Consider interpretations that have just a binary edge relation. These are pretty similar to graphs as defined in the previous section; however, there is no notion of multiple edges. Also the vertices can have fixed, stable identities: although the graph \boxed{\textcircled{\footnotesize a}\rightarrow\textcircled{\footnotesize b}} is isomorphic / not meaningfully different from \boxed{\textcircled{\footnotesize b}\rightarrow\textcircled{\footnotesize a}} because the labels are not meaningful, an interpretation whose only fact is edge(v1,v2) will not be isomorphic in \mathsf{Dat} to one whose only fact is edge(v2,v1), if v1 and v2 are constants.
To see these pushouts in action, consider applying the rule above, using the depicted match morphism (i.e. answer X=v3 to the query of the rule’s preconditions). Note we distinguish variables from constants by using red for variables:
Note that X=v1 was also a valid answer to the query. However, in \mathsf{Dat}, the pushout does nothing, rather than adding another loop to v1:
Each answer to the query of a Datalog rule’s preconditions is a potential way to ground the rule, which can potentially add a new fact and bring one’s interpretation closer to the Datalog program’s Herbrand model.
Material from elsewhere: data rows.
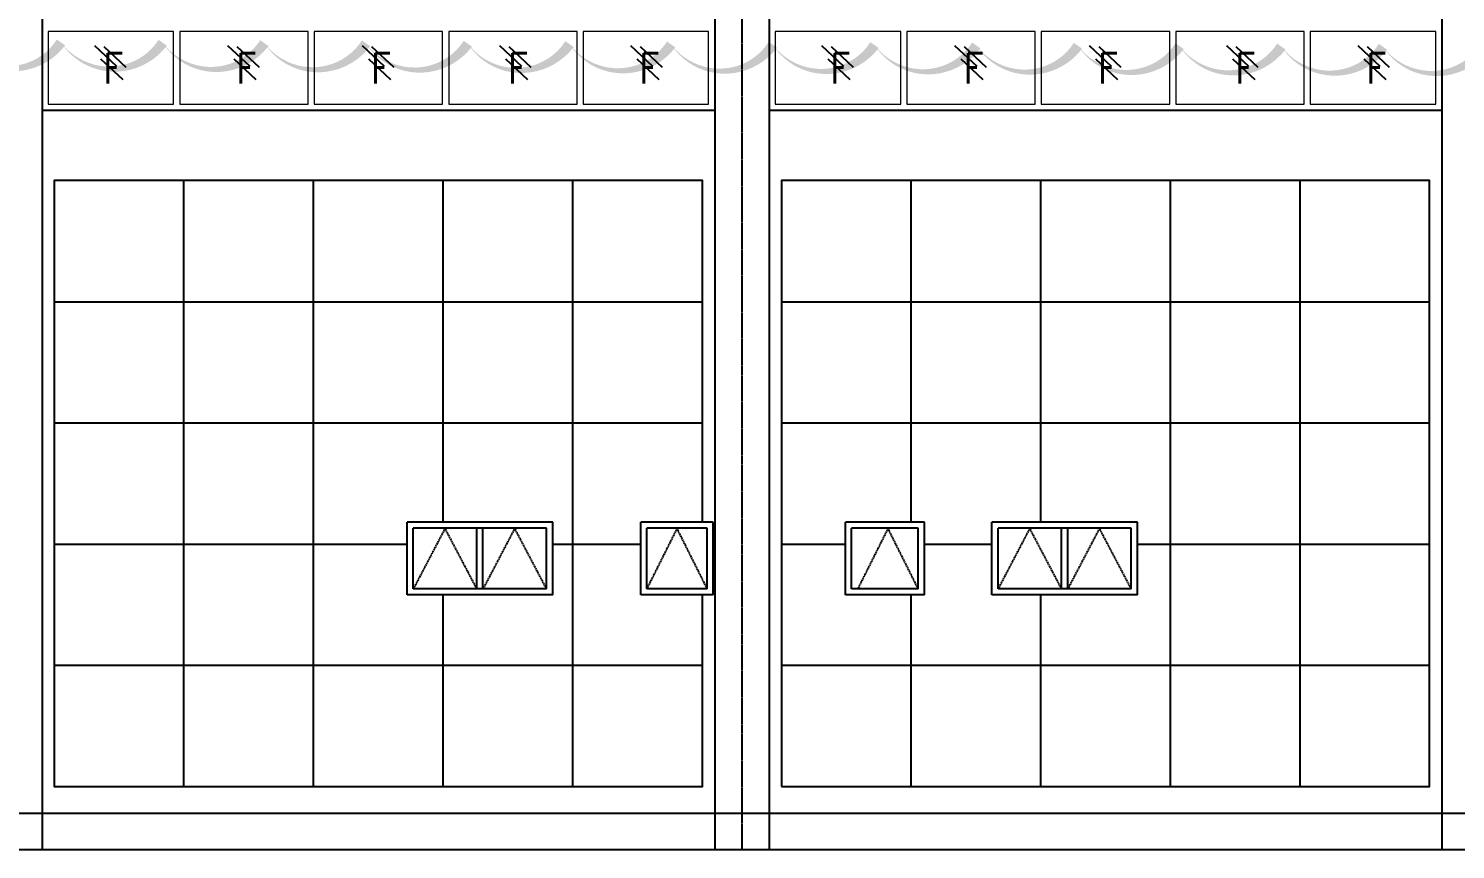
# Model space of a CAD drawing. Header units: inches. Extents: x 102027 to 175311, y -32523 to 10797.
# Drawn here: x 119899 to 131674, y -32313 to -25538 of the extents above; entities that cross this region are included whole.
import ezdxf

# ---------------------------------------------------------------- set-up
doc = ezdxf.new("R2010")
doc.units = ezdxf.units.IN
doc.header["$MEASUREMENT"] = 0
doc.linetypes.add('CENTER', pattern=[2, 1.25, -0.25, 0.25, -0.25])
doc.linetypes.add('HIDDEN', pattern=[0.375, 0.25, -0.125])
doc.layers.add('M-HVAC-DUCT-NEW', color=5, linetype='Continuous')
doc.layers.add('M-X-BKGD', color=8, linetype='Continuous')
doc.styles.add('SIMPLEX', font='simplex.shx')

msp = doc.modelspace()

# ---------------------------------------------------------------- linework, layer by layer
at = {"layer": 'M-HVAC-DUCT-NEW', "color": 2}
msp.add_lwpolyline([(119328, -25650, 0, 83.9, 0.520567), (120167, -25653, 0, 83.9, 0.520567), (121006, -25656, 0, 83.9, 0.520567), (121845, -25659, 0, 83.9, 0.520567), (122684, -25661, 0, 83.9, 0.520567), (123524, -25664, 0, 83.9, 0.520567), (124363, -25667, 0, 83.9, 0.520567), (125202, -25670, 0, 83.9, 0.520567), (126041, -25673, 0, 83.9, 0.520567), (126880, -25675, 0, 83.9, 0.520567), (127720, -25678, 0, 83.9, 0.520567), (128559, -25681, 0, 83.9, 0.520567), (129398, -25684, 0, 83.9, 0.520567), (130237, -25687, 0, 83.9, 0.520567), (131076, -25689, 0, 83.9, 0.520567), (131916, -25692, 0, 83.9, 0.520567)], format="xyseb", dxfattribs=at)
at = {"layer": 'M-X-BKGD', "color": 8, "linetype": 'CENTER', "ltscale": 10}
msp.add_line((125786, -20883), (125786, -32313), dxfattribs=at)
at = {"layer": 'M-X-BKGD', "color": 8}
for p, q in [((120011, -22463), (120011, -32313)), ((131561, -22463), (131561, -32313)), ((125561, -23016), (125561, -32313)), ((126011, -23016), (126011, -32313)), ((120443, -25678), (120625, -25848)), ((120521, -25687), (120703, -25857)), ((121541, -25678), (121724, -25848)), ((121619, -25687), (121801, -25857)), ((122652, -25678), (122834, -25848)), ((122730, -25687), (122912, -25857)), ((123784, -25678), (123966, -25848)), ((123862, -25687), (124044, -25857)), ((124867, -25678), (125049, -25848)), ((124945, -25687), (125127, -25857)), ((126443, -25678), (126625, -25848)), ((126521, -25687), (126703, -25857)), ((127541, -25678), (127724, -25848)), ((127619, -25687), (127801, -25857)), ((128652, -25678), (128834, -25848)), ((128730, -25687), (128912, -25857)), ((129784, -25678), (129966, -25848)), ((129862, -25687), (130044, -25857)), ((130867, -25678), (131049, -25848)), ((130945, -25687), (131127, -25857)), ((120494, -25788), (120676, -25959)), ((121592, -25788), (121775, -25959)), ((122703, -25788), (122885, -25959)), ((123835, -25788), (124017, -25959)), ((124918, -25788), (125100, -25959)), ((126494, -25788), (126676, -25959)), ((127592, -25788), (127775, -25959)), ((128703, -25788), (128885, -25959)), ((129835, -25788), (130017, -25959)), ((130918, -25788), (131100, -25959)), ((120011, -26213), (125561, -26213)), ((126011, -26213), (131561, -26213)), ((121181, -31793), (121181, -26793)), ((122251, -31793), (122251, -26793)), ((123321, -29613), (123321, -26793)), ((124391, -31793), (124391, -26793)), ((127181, -29613), (127181, -26793)), ((128251, -29613), (128251, -26793)), ((129321, -31793), (129321, -26793)), ((130391, -31793), (130391, -26793)), ((120111, -27793), (125461, -27793)), ((126111, -27793), (131461, -27793)), ((120111, -28793), (125461, -28793)), ((126111, -28793), (131461, -28793)), ((124224, -29613), (123024, -29613)), ((123024, -30213), (123024, -29613)), ((124174, -29663), (123074, -29663)), ((123074, -30163), (123074, -29663)), ((123599, -30163), (123599, -29663)), ((123649, -30163), (123649, -29663)), ((124174, -30163), (124174, -29663)), ((124224, -30213), (124224, -29613)), ((125548, -29613), (124952, -29613)), ((124952, -30213), (124952, -29613)), ((125498, -29663), (125002, -29663)), ((125002, -30163), (125002, -29663)), ((125498, -30163), (125498, -29663)), ((125548, -30213), (125548, -29613)), ((127291, -29613), (126641, -29613)), ((126641, -30213), (126641, -29613)), ((127241, -29663), (126691, -29663)), ((126691, -30163), (126691, -29663)), ((127241, -30163), (127241, -29663)), ((127291, -30213), (127291, -29613)), ((129049, -29613), (127849, -29613)), ((127849, -30213), (127849, -29613)), ((128999, -29663), (127899, -29663)), ((127899, -30163), (127899, -29663)), ((128424, -30163), (128424, -29663)), ((128474, -30163), (128474, -29663)), ((128999, -30163), (128999, -29663)), ((129049, -30213), (129049, -29613)), ((120111, -29793), (123024, -29793)), ((124224, -29793), (124952, -29793)), ((126111, -29793), (126641, -29793)), ((127291, -29793), (127849, -29793)), ((129049, -29793), (131461, -29793)), ((124224, -30213), (123024, -30213)), ((124174, -30163), (123074, -30163)), ((123321, -31793), (123321, -30213)), ((125548, -30213), (124952, -30213)), ((125498, -30163), (125002, -30163)), ((127291, -30213), (126641, -30213)), ((127241, -30163), (126691, -30163)), ((127181, -31793), (127181, -30213)), ((129049, -30213), (127849, -30213)), ((128999, -30163), (127899, -30163)), ((128251, -31793), (128251, -30213)), ((120111, -30793), (125461, -30793)), ((126111, -30793), (131461, -30793)), ((102027, -32313), (140630, -32313))]:
    msp.add_line(p, q, dxfattribs=at)
at = {"layer": 'M-X-BKGD', "color": 8, "linetype": 'HIDDEN', "ltscale": 5}
msp.add_line((113861, -32013), (137711, -32013), dxfattribs=at)
at = {"layer": 'M-X-BKGD', "color": 8, "lineweight": 0}
for points in [[(121096, -25563), (120061, -25563), (120061, -26163), (121096, -26163)], [(122206, -25563), (121146, -25563), (121146, -26163), (122206, -26163)], [(123316, -25563), (122256, -25563), (122256, -26163), (123316, -26163)], [(124426, -25563), (123366, -25563), (123366, -26163), (124426, -26163)], [(125511, -25563), (124476, -25563), (124476, -26163), (125511, -26163)], [(127096, -25563), (126061, -25563), (126061, -26163), (127096, -26163)], [(128206, -25563), (127146, -25563), (127146, -26163), (128206, -26163)], [(129316, -25563), (128256, -25563), (128256, -26163), (129316, -26163)], [(130426, -25563), (129366, -25563), (129366, -26163), (130426, -26163)], [(131511, -25563), (130476, -25563), (130476, -26163), (131511, -26163)]]:
    msp.add_lwpolyline(points, close=True, dxfattribs=at)
at = {"layer": 'M-X-BKGD', "color": 8}
msp.add_lwpolyline([(125461, -29613), (125461, -26793), (120111, -26793), (120111, -31793), (125461, -31793), (125461, -30213)], dxfattribs=at)
msp.add_lwpolyline([(126111, -31793), (131461, -31793), (131461, -26793), (126111, -26793)], close=True, dxfattribs=at)
at = {"layer": 'M-X-BKGD', "color": 8, "linetype": 'HIDDEN', "ltscale": 20}
for points in [[(123599, -30163), (123336, -29663), (123074, -30163)], [(124174, -30163), (123911, -29663), (123649, -30163)], [(125500, -30163), (125250, -29663), (125000, -30163)], [(127241, -30163), (126991, -29663), (126741, -30163)], [(128424, -30163), (128161, -29663), (127899, -30163)], [(128999, -30163), (128736, -29663), (128474, -30163)]]:
    msp.add_lwpolyline(points, dxfattribs=at)
at = {"layer": 'M-X-BKGD', "color": 8, "lineweight": 0}
for p in [(121181, -31793), (122251, -31793), (123321, -31793), (124391, -31793)]:
    msp.add_point(p, dxfattribs=at)

# ---------------------------------------------------------------- texts
at = {"layer": 'M-X-BKGD', "color": 8, "style": 'SIMPLEX', "width": 0.85}
for p in [(120516, -25991), (121615, -25991), (122725, -25991), (123857, -25991), (124940, -25991), (126516, -25991), (127615, -25991), (128725, -25991), (129857, -25991), (130940, -25991)]:
    msp.add_text('F', height=250, dxfattribs=at).set_placement(p)

doc.saveas('drawing.dxf')

A common extension, Datalog^\exists, allows for the heads of rules to introduce new terms. For example, the rule “if you gave me an edge, I could give you path of length two which has the same source and target” is expressed as:
edge(X,Z), edge(Z,Y) :- edge(X,Y). # note "Z" not in body of rule!
This is actually the natural interpretation of \mathsf{Dat}, though we could restrict to a subcategory which has no ability to introduce terms: to do this we would require all rule morphisms to have their underlying function I_V\rightarrow J_V+K be of the form {I_V \overset{\iota}\rightarrowtail I_V+K}.